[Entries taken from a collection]

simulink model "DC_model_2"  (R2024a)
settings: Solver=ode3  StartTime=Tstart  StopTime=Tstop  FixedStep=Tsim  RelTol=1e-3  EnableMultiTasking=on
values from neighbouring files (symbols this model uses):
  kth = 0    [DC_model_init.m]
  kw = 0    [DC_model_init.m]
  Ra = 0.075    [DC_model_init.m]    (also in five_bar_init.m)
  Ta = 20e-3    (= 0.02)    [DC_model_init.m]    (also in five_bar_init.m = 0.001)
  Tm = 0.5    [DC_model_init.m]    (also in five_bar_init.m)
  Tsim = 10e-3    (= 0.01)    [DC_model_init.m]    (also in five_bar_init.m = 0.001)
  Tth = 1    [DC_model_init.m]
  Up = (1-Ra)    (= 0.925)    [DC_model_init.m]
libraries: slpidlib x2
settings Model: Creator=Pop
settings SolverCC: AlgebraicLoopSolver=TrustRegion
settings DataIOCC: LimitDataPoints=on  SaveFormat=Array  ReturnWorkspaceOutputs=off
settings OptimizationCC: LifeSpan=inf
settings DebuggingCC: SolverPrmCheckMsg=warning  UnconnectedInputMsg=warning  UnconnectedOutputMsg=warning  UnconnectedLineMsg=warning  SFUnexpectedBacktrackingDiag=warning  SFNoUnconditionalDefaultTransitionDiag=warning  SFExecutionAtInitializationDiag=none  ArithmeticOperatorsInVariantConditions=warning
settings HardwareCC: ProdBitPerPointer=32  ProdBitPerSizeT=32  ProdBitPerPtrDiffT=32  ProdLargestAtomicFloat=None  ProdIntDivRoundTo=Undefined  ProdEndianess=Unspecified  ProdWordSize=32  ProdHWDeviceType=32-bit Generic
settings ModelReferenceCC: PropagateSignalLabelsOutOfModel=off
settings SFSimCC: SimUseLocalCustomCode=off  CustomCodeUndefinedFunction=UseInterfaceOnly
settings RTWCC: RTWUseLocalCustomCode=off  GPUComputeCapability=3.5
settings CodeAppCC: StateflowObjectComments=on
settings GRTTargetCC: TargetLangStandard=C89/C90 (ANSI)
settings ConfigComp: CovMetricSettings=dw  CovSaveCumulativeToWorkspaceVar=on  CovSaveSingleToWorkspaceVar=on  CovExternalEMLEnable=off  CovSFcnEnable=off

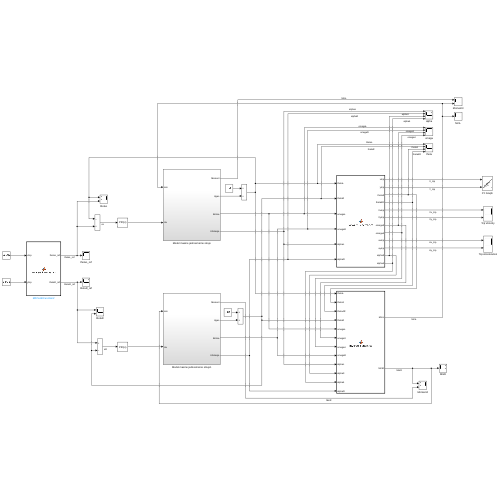
[thumbnail: Simulink's stored preview of the top-level diagram]
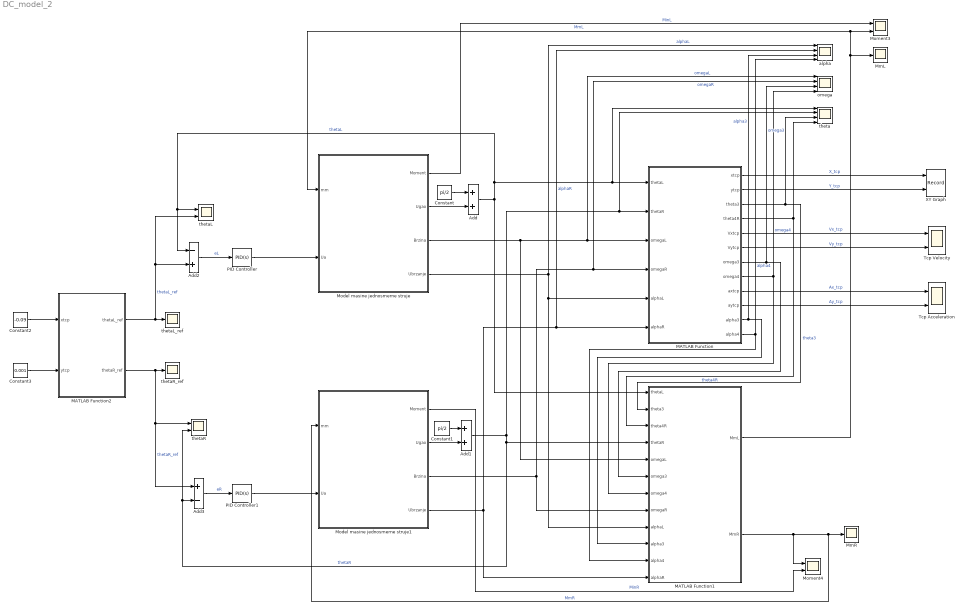
== system DC_model_2 ==
  Add : Sum
  Add1 : Sum
  Add2 : Sum  Inputs=-+
  Add3 : Sum  Inputs=+-
  Constant : Constant  Value=pi/2
  Constant1 : Constant  Value=pi/2
  Constant2 : Constant  Value=-0.09
  Constant3 : Constant  Value=0.001
  MATLAB Function : MATLAB Function  TreatAsAtomicUnit=on
  MATLAB Function1 : MATLAB Function  TreatAsAtomicUnit=on
  MATLAB Function2 : MATLAB Function  TreatAsAtomicUnit=on
  MmL : Scope
  MmR : Scope
  Model masine jednosmerne struje : Subsystem
  Model masine jednosmerne struje1 : Subsystem
  Moment3 : Scope  NumInputPorts=2
  Moment4 : Scope  NumInputPorts=2
  PID Controller : slpidlib/PID Controller  Controller=PID  Form=Parallel  TimeDomain=Continuous-time  UseExternalTs=off  SampleTime=-1  IntegratorMethod=Forward Euler  FilterMethod=Forward Euler  ControllerParametersSource=internal  P=1  I=0  UseKiTs=off  D=0  UseExternalDerivativeSource=off  N=100  UseFilter=on  TunerSelectOption=Transfer Function Based (PID Tuner App)  InitialConditionSource=internal  InitialConditionForIntegrator=0  InitialConditionForFilter=0  DifferentiatorICPrevScaledInput=0  ExternalReset=none  TrackingMode=off  Kt=1  LimitOutput=off  SatLimitsSource=internal  UpperSaturationLimit=inf  LowerSaturationLimit=-inf  LinearizeAsGain=on  AntiWindupMode=none  Kb=1  LimitIntegrator=off  UpperIntegratorSaturationLimit=inf  LowerIntegratorSaturationLimit=-inf  POutMin=[]  POutMax=[]  IOutMin=[]  IOutMax=[]  DOutMin=[]  DOutMax=[]  NOutMin=[]  NOutMax=[]  SumOutMin=[]  SumOutMax=[]  SaturationOutMin=[]  SaturationOutMax=[]  PParamMin=[]  PParamMax=[]  IParamMin=[]  IParamMax=[]  DParamMin=[]  DParamMax=[]  NParamMin=[]  NParamMax=[]  KbParamMin=[]  KbParamMax=[]  KtParamMin=[]  KtParamMax=[]  KbOutMin=[]  KbOutMax=[]  KtOutMin=[]  KtOutMax=[]  IntegratorOutMin=[]  IntegratorOutMax=[]  FilterOutMin=[]  FilterOutMax=[]  SumI1OutMin=[]  SumI1OutMax=[]  SumI2OutMin=[]  SumI2OutMax=[]  SumI3OutMin=[]  SumI3OutMax=[]  SumI4OutMin=[]  SumI4OutMax=[]  SumDOutMin=[]  SumDOutMax=[]  DifferentiatorOutMin=[]  DifferentiatorOutMax=[]  FilterDiffOutCoefMin=[]  FilterDiffOutCoefMax=[]  ReciprocalOutMin=[]  ReciprocalOutMax=[]  SumDenOutMin=[]  SumDenOutMax=[]  SumNumOutMin=[]  SumNumOutMax=[]  DivideOutMin=[]  DivideOutMax=[]  UdiffTsProdOutMin=[]  UdiffTsProdOutMax=[]  NTsProdOutMin=[]  NTsProdOutMax=[]  UintegralTsProdOutMin=[]  UintegralTsProdOutMax=[]  UngainTsProdOutMin=[]  UngainTsProdOutMax=[]  ClampingZeroOutDataTypeStr=Inherit: Inherit via back propagation  ClampingZeroOutMin=[]  ClampingZeroOutMax=[]  FilterDenConstantOutDataTypeStr=Inherit: Inherit via back propagation  FilterDenConstantOutMin=[]  FilterDenConstantOutMax=[]  PCopyOutDataTypeStr=Inherit: Inherit via back propagation  PCopyOutMin=[]  PCopyOutMax=[]  NCopyOutDataTypeStr=Inherit: Inherit via back propagation  NCopyOutMin=[]  NCopyOutMax=[]  IntegratorContinuousStateAttributes=''  IntegratorStateMustResolveToSignalObject=off  IntegratorRTWStateStorageClass=Auto  FilterContinuousStateAttributes=''  FilterStateMustResolveToSignalObject=off  FilterRTWStateStorageClass=Auto  ParallelPVariant=InternalParameters  IdealPVariant=Disabled  IVariant=InternalParameters  DVariant=InternalParameters  IntegratorVariant=Continuous  SatVariant=Disabled  AWVariant=Passthrough  PCopyVariant=Disabled  TRVariant=Disabled  FdbkBlocksVariant=Forward  IdealPFdbkVariant=Disabled  SatFdbkVariant=Disabled  DerivativeFilterVariant=ContFilter  NVariant=InternalParameters  NCopyVariant=Disabled  FilterICVariant=InternalICsFilter  IntegratorICVariant=InternalICs  ExternalResetVariant=Disabled  TRSumVariant=Passthrough  SumFdbkVariant=Disabled  SumVariant=Sum_PID  TsampFilterVariant=InternalTs  TsampNgainVariant=Passthrough  TsampIntegralVariant=Disabled_SignalSpec  ExternalSaturationOutDataTypeStr=Inherit: Same as second input  DerivativeSourceVariant=ErrorSignal
  PID Controller1 : slpidlib/PID Controller  Controller=PID  Form=Parallel  TimeDomain=Continuous-time  UseExternalTs=off  SampleTime=-1  IntegratorMethod=Forward Euler  FilterMethod=Forward Euler  ControllerParametersSource=internal  P=1  I=0  UseKiTs=off  D=0  UseExternalDerivativeSource=off  N=100  UseFilter=on  TunerSelectOption=Transfer Function Based (PID Tuner App)  InitialConditionSource=internal  InitialConditionForIntegrator=0  InitialConditionForFilter=0  DifferentiatorICPrevScaledInput=0  ExternalReset=none  TrackingMode=off  Kt=1  LimitOutput=off  SatLimitsSource=internal  UpperSaturationLimit=inf  LowerSaturationLimit=-inf  LinearizeAsGain=on  AntiWindupMode=none  Kb=1  LimitIntegrator=off  UpperIntegratorSaturationLimit=inf  LowerIntegratorSaturationLimit=-inf  POutMin=[]  POutMax=[]  IOutMin=[]  IOutMax=[]  DOutMin=[]  DOutMax=[]  NOutMin=[]  NOutMax=[]  SumOutMin=[]  SumOutMax=[]  SaturationOutMin=[]  SaturationOutMax=[]  PParamMin=[]  PParamMax=[]  IParamMin=[]  IParamMax=[]  DParamMin=[]  DParamMax=[]  NParamMin=[]  NParamMax=[]  KbParamMin=[]  KbParamMax=[]  KtParamMin=[]  KtParamMax=[]  KbOutMin=[]  KbOutMax=[]  KtOutMin=[]  KtOutMax=[]  IntegratorOutMin=[]  IntegratorOutMax=[]  FilterOutMin=[]  FilterOutMax=[]  SumI1OutMin=[]  SumI1OutMax=[]  SumI2OutMin=[]  SumI2OutMax=[]  SumI3OutMin=[]  SumI3OutMax=[]  SumI4OutMin=[]  SumI4OutMax=[]  SumDOutMin=[]  SumDOutMax=[]  DifferentiatorOutMin=[]  DifferentiatorOutMax=[]  FilterDiffOutCoefMin=[]  FilterDiffOutCoefMax=[]  ReciprocalOutMin=[]  ReciprocalOutMax=[]  SumDenOutMin=[]  SumDenOutMax=[]  SumNumOutMin=[]  SumNumOutMax=[]  DivideOutMin=[]  DivideOutMax=[]  UdiffTsProdOutMin=[]  UdiffTsProdOutMax=[]  NTsProdOutMin=[]  NTsProdOutMax=[]  UintegralTsProdOutMin=[]  UintegralTsProdOutMax=[]  UngainTsProdOutMin=[]  UngainTsProdOutMax=[]  ClampingZeroOutDataTypeStr=Inherit: Inherit via back propagation  ClampingZeroOutMin=[]  ClampingZeroOutMax=[]  FilterDenConstantOutDataTypeStr=Inherit: Inherit via back propagation  FilterDenConstantOutMin=[]  FilterDenConstantOutMax=[]  PCopyOutDataTypeStr=Inherit: Inherit via back propagation  PCopyOutMin=[]  PCopyOutMax=[]  NCopyOutDataTypeStr=Inherit: Inherit via back propagation  NCopyOutMin=[]  NCopyOutMax=[]  IntegratorContinuousStateAttributes=''  IntegratorStateMustResolveToSignalObject=off  IntegratorRTWStateStorageClass=Auto  FilterContinuousStateAttributes=''  FilterStateMustResolveToSignalObject=off  FilterRTWStateStorageClass=Auto  ParallelPVariant=InternalParameters  IdealPVariant=Disabled  IVariant=InternalParameters  DVariant=InternalParameters  IntegratorVariant=Continuous  SatVariant=Disabled  AWVariant=Passthrough  PCopyVariant=Disabled  TRVariant=Disabled  FdbkBlocksVariant=Forward  IdealPFdbkVariant=Disabled  SatFdbkVariant=Disabled  DerivativeFilterVariant=ContFilter  NVariant=InternalParameters  NCopyVariant=Disabled  FilterICVariant=InternalICsFilter  IntegratorICVariant=InternalICs  ExternalResetVariant=Disabled  TRSumVariant=Passthrough  SumFdbkVariant=Disabled  SumVariant=Sum_PID  TsampFilterVariant=InternalTs  TsampNgainVariant=Passthrough  TsampIntegralVariant=Disabled_SignalSpec  ExternalSaturationOutDataTypeStr=Inherit: Same as second input  DerivativeSourceVariant=ErrorSignal
  Tcp Acceleration : Scope  NumInputPorts=2
  Tcp Velocity : Scope  NumInputPorts=2
  XY Graph : Record  FileSettingsInternal="{\"entries\":[{\"content\":{\"excelSettings\":{\"content\":{},\"type\":\"Streamout.ExcelSettings\"}},\"type\":\"Streamout.FileSettingStorage\",\"uuid\":\"\"}],\"packageUris\":[\"http:\\/\\/schema.mathworks.com\\/mf0\\/streamout_blocks\\/R2020a\"],\"version\":\"1.0\"}"  Layout=[1 1]  SignalsInternal="{\"entries\":[{\"content\":{\"signals\":[{\"content\":{\"blockPath\":[],\"dimensions\":[1],\"domain\":\"\",\"lineColor\":\"#a2142f\",\"plots\":[ 1 ],\"port\":1,\"sid\":[\"\"],\"signalID\":1,\"signalName\":\"X_tcp\"},\"type\":\"RecordBlkView.Signal\",\"uuid\":\"\"},{\"content\":{\"blockPath\":[],\"dimensions\":[1],\"domain\":\"\",\"lineColor\":\"#139fff\",\"plots\":[ 1 ],\"port\":2,\"sid\":[\"\"],\"signalID\":2,\"signalName\":\"Y_tcp\"},\"type\":\"RecordBlkView.Signal\",\"uuid\":\"\"}]},\"type\":\"RecordBlkView.InputSignals\",\"uuid\":\"\"}],\"packageUris\":[\"http:\\/\\/schema.mathworks.com\\/mf0\\/streamout_blocks\\/R2020a\"],\"version\":\"1.0\"}"  VisualizationBindings="{\"xyplotplugin\":{\"info\":[{\"series\":[{\"bindingParametersList\":[{\"parameter\":\"X-Axis\",\"signalID\":1,\"signalName\":\"X_tcp\"},{\"parameter\":\"Y-Axis\",\"signalID\":2,\"signalName\":\"Y_tcp\"}],\"seriesID\":0}],\"subplotID\":1}]}}"  CompatibilityTag=XY
  alpha : Scope  NumInputPorts=4
  omega : Scope  NumInputPorts=4
  theta : Scope  NumInputPorts=4
  thetaL : Scope  NumInputPorts=2
  thetaL_ref : Scope
  thetaR : Scope  NumInputPorts=2
  thetaR_ref : Scope
  wires:
  Model masine jednosmerne struje/1(Moment) -> Moment3/1  "MinL"
  MATLAB Function/1(xtcp) -> XY Graph/1  "X_tcp"
  MATLAB Function/2(ytcp) -> XY Graph/2  "Y_tcp"
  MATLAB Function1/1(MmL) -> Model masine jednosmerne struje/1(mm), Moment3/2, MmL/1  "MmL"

-- Problem statement --
Among the entries above, the line containing "MATLAB Function2 : MATLAB", the line containing "Moment4 : Scope", and all lines between them are to be restated word for word; nothing else belongs in the reply.

-- Answer for this exercise --
  MATLAB Function2 : MATLAB Function  TreatAsAtomicUnit=on
  MmL : Scope
  MmR : Scope
  Model masine jednosmerne struje : Subsystem
  Model masine jednosmerne struje1 : Subsystem
  Moment3 : Scope  NumInputPorts=2
  Moment4 : Scope  NumInputPorts=2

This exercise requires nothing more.